# NEWBIE...150 Gallon Freshwater tank New Setup Help



## brianc0428 (Nov 1, 2007)

I am in the process of putting together my first big tank. I would like assistance in setting it up right the first time. I will give you an idea of the fish that will be in it. And the current items that I have. Any Suggestions for other necessary equipment would be greatly appreciated.

Fish
1 Iridescent shark, 3 Gouramis, 1 common Pleco and 3 pictus catfish.

I currently have 2 Fluval filters a 405 & an FX5. What should I do for heater inline or glass tube? I was planning on buying the Coralife sl65 air pump. Will that be enough? Is an under the gravel filter a good idea or should I do something else? Any other suggestions? Thanks in advance. 

Brian


----------



## JouteiMike (Oct 7, 2006)

Hey Brian, welcome to the forum. Great to see somebody from Connecticut. I'm in West Hartford.

Sounds like a neat set-up you have. I'm curious, how big is the iridescent shark and pleco?

For the set-up the filtration sounds like it will be enough. The 405 filters 225 gallons per hour (gph) and the FX5 (nice filter) has 925 gph, in total, 1150. So that means your aquariums water is completely turned over roughly 7 and a half times every hour, which isn't too shabby. I think you'll be fine, but adding another fluval 405, or something like it wouldn't hurt. 

For the heaters, I have never had an in-line heater, only submersible glass, so it's up to you...maybe someone else can give you tips on that. I would advise you to think about getting 2 heaters though, in case one fails. 

The Coralife sl65 air pump is a pretty heavy duty pump, seems like it should suffice.

I would not bother with an under gravel filter, they are prone to problems with clogging, and cleaning can be a huge hassle. I'd just stick with power, wet/dry, and canister filters.

Have you thought about using power-heads? In larger aquariums, sometimes not enough water movement can be a problem. The power-heads will disperse water more efficiently throughout the aquarium, and the more exposed to the surface will increase oxygen levels of the tank.

Do you have other basic requirements, such as a liquid test kit for ammonia, nitrite, and nitrate? How about water dechlorinator? You'll need that. Water changes will need to be done fairly often in a tank with fish like that, the shark and pleco could grow over a foot long and they produce massive waste. Do you have a water changing method established? Personally, I use the Python gravel vac for mine.

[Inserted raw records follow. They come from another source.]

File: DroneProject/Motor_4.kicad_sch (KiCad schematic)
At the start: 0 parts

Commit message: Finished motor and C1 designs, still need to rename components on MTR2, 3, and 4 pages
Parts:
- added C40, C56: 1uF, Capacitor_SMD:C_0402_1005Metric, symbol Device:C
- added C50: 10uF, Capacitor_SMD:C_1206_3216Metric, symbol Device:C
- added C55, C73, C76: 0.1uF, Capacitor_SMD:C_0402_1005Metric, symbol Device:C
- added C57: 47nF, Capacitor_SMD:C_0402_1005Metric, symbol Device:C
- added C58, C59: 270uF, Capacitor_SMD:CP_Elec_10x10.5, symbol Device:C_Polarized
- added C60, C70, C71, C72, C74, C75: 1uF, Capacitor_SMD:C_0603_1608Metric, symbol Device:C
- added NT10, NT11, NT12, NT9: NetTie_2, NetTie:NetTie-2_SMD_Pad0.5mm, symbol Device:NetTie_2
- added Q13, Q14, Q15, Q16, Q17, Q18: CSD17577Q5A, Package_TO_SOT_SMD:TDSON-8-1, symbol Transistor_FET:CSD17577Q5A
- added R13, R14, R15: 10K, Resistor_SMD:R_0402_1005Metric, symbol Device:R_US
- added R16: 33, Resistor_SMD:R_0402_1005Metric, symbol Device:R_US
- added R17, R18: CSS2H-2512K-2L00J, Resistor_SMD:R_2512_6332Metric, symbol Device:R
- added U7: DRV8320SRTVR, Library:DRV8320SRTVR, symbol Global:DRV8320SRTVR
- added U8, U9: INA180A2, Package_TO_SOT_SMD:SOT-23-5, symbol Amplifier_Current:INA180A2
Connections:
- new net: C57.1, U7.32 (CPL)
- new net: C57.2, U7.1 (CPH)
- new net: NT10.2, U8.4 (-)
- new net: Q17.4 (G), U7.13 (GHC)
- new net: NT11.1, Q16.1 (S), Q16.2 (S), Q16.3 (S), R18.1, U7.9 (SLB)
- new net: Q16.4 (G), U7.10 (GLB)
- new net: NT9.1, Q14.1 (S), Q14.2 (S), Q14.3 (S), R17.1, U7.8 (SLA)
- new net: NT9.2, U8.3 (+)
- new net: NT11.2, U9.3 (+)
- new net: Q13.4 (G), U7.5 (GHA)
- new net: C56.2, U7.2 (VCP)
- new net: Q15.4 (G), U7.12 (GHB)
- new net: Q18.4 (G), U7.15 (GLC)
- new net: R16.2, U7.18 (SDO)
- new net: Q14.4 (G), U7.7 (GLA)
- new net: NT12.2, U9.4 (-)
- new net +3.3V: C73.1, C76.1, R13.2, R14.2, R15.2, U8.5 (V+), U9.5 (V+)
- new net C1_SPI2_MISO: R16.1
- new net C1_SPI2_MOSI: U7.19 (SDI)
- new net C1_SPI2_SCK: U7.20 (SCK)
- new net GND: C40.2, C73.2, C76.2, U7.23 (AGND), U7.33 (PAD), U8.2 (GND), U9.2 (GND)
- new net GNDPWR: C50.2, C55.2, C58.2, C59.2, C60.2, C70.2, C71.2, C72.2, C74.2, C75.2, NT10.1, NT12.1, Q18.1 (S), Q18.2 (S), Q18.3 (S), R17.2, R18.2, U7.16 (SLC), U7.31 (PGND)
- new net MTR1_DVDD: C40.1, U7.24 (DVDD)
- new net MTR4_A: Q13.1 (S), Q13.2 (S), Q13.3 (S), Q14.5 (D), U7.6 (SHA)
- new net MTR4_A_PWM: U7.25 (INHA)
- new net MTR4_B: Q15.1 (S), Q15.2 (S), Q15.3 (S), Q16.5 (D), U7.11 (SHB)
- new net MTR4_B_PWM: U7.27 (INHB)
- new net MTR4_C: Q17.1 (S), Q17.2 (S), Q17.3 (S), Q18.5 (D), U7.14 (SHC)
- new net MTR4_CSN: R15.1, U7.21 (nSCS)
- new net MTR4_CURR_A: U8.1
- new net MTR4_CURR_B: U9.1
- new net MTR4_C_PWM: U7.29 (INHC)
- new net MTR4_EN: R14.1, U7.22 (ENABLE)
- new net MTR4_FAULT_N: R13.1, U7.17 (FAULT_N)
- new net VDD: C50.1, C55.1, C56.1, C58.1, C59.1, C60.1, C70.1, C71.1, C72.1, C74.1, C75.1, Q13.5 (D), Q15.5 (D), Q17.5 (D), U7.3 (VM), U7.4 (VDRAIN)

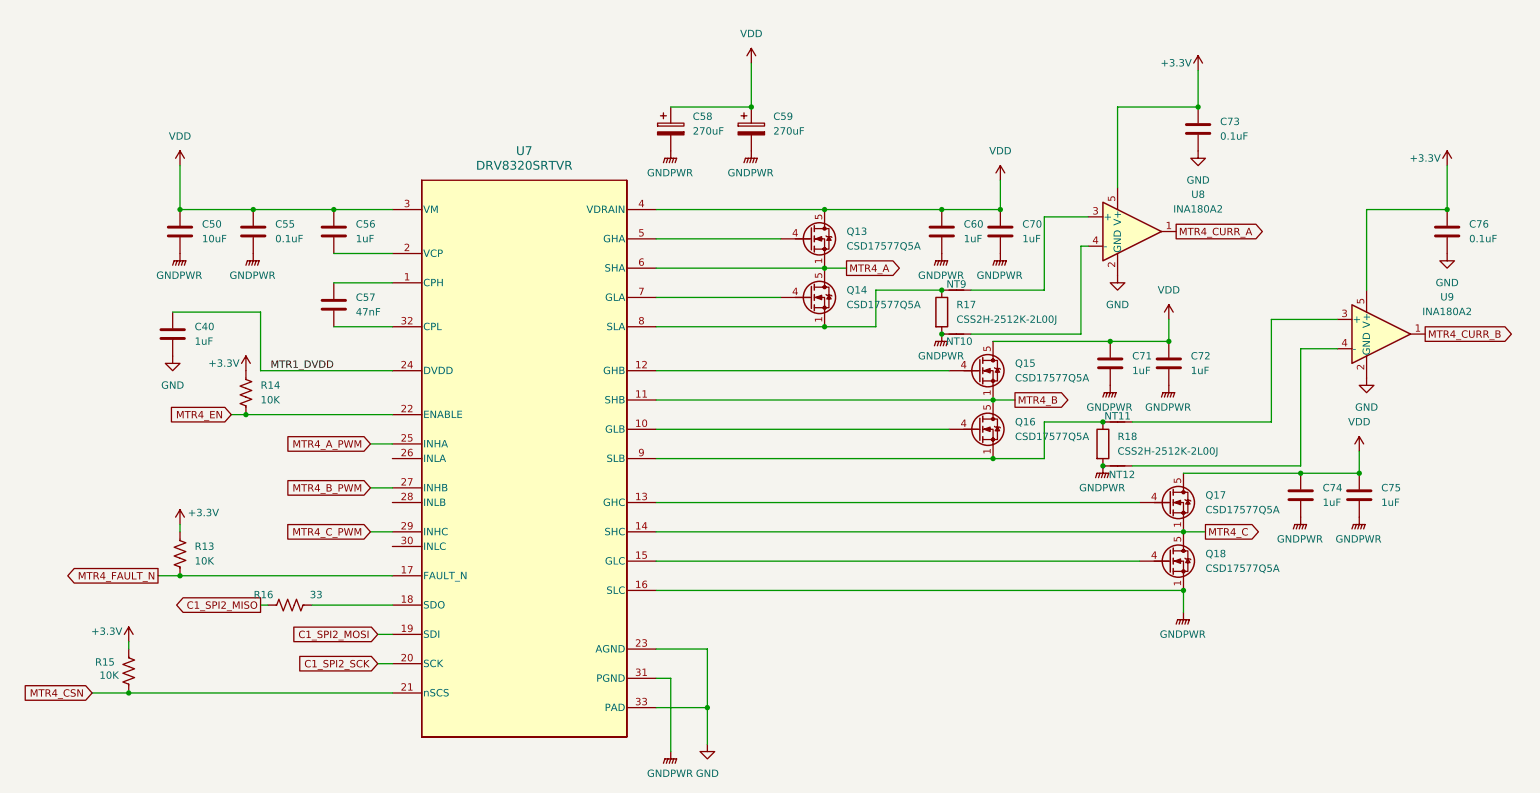
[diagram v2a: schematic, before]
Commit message: Finished most of routing for motor controls, however likely going to revert back and make separate ESC boards for motor control as I think that would honestly be more efficient from both a cost and debug complexity standpoint.
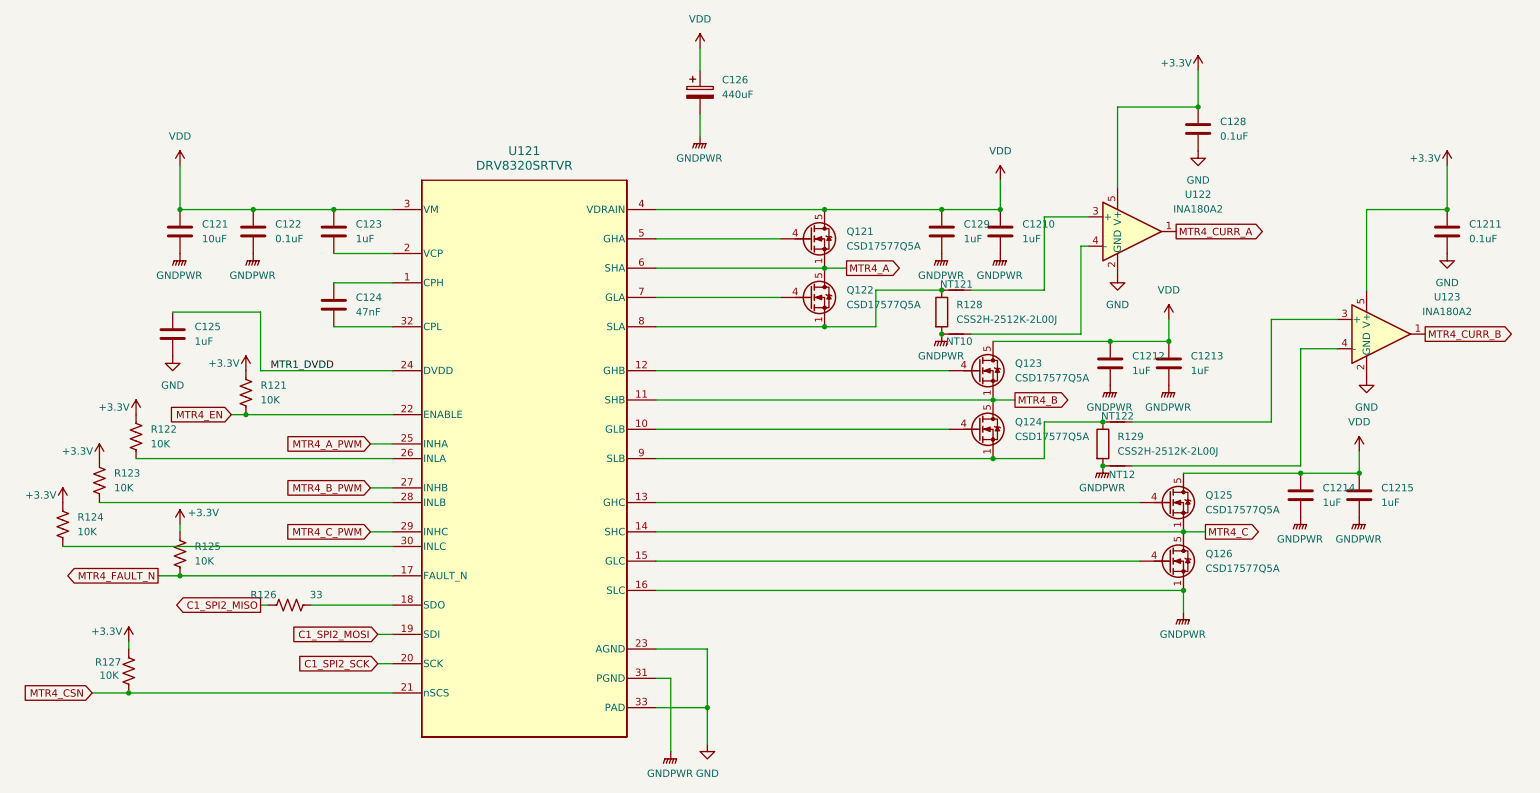
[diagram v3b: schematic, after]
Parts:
- removed C58, C59: 270uF, Capacitor_SMD:CP_Elec_10x10.5, symbol Device:C_Polarized
- added C126: 440uF, Capacitor_THT:CP_Radial_D10.0mm_P5.00mm, symbol Device:C_Polarized
- added R122, R123, R124: 10K, Resistor_SMD:R_0402_1005Metric, symbol Device:R_US
- renumbered C50 to C121, C70 to C1210, C76 to C1211, C71 to C1212, C72 to C1213, C74 to C1214, C75 to C1215, C55 to C122, C56 to C123, C57 to C124, C40 to C125, C73 to C128, C60 to C129, NT9 to NT121, NT11 to NT122, Q13 to Q121, Q14 to Q122, Q15 to Q123, Q16 to Q124, Q17 to Q125, Q18 to Q126, R14 to R121, R13 to R125, R16 to R126, R15 to R127, R17 to R128, R18 to R129, U7 to U121, U8 to U122, U9 to U123
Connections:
- net +3.3V: now also R122.2, R123.2, R124.2
- net GNDPWR: now also C126.2
- net VDD: now also C126.1
- net at U121.26 (INLA): now also R122.1
- net at U121.28 (INLB): now also R123.1
- net at U121.30 (INLC): now also R124.1

What foods to you have to give the fish?


----------



## brianc0428 (Nov 1, 2007)

JouteiMike,
Thanks for the reply. I have a couple questions. So you are recomending I get another canister filter? I am planning on getting 2 of the Hydor ETH 300W heaters. Do you like the Aqua Clear 901 Power head? I guess i would need 2 of those. I have the water tests kits. I have a frankenstiened gravel vac. I currently am feeding waffers and TetraPro Flakes. Suggestions with brand for additions are greatly appreciated. 
Brian


----------



## brianc0428 (Nov 1, 2007)

I took your advice and sold the Fluval 405 and bought another FX5. I am also shopping around for 2 AquaClear Power Head "110". Thanks again for all the help. Any other suggestions??


----------



## Fast351 (Nov 14, 2007)

I'm new to this too, so don't take my word as gospel, but...

I put a Hydor ETH-301 heater on my 125, and after the first couple days of warming the tank from the well water temp of 51 to 78, it hasn't moved even 1/10th of a degree. Every time I look it's at 77.9 degrees.

I bought it because I'm not a fan of having stuff hanging off the tank or in the tank where you can see it. This heater is neatly hidden under the tank, and does it's job.


----------



## brianc0428 (Nov 1, 2007)

Thanks for the information. I am going to pick two up. Greatly appreciate the info.


----------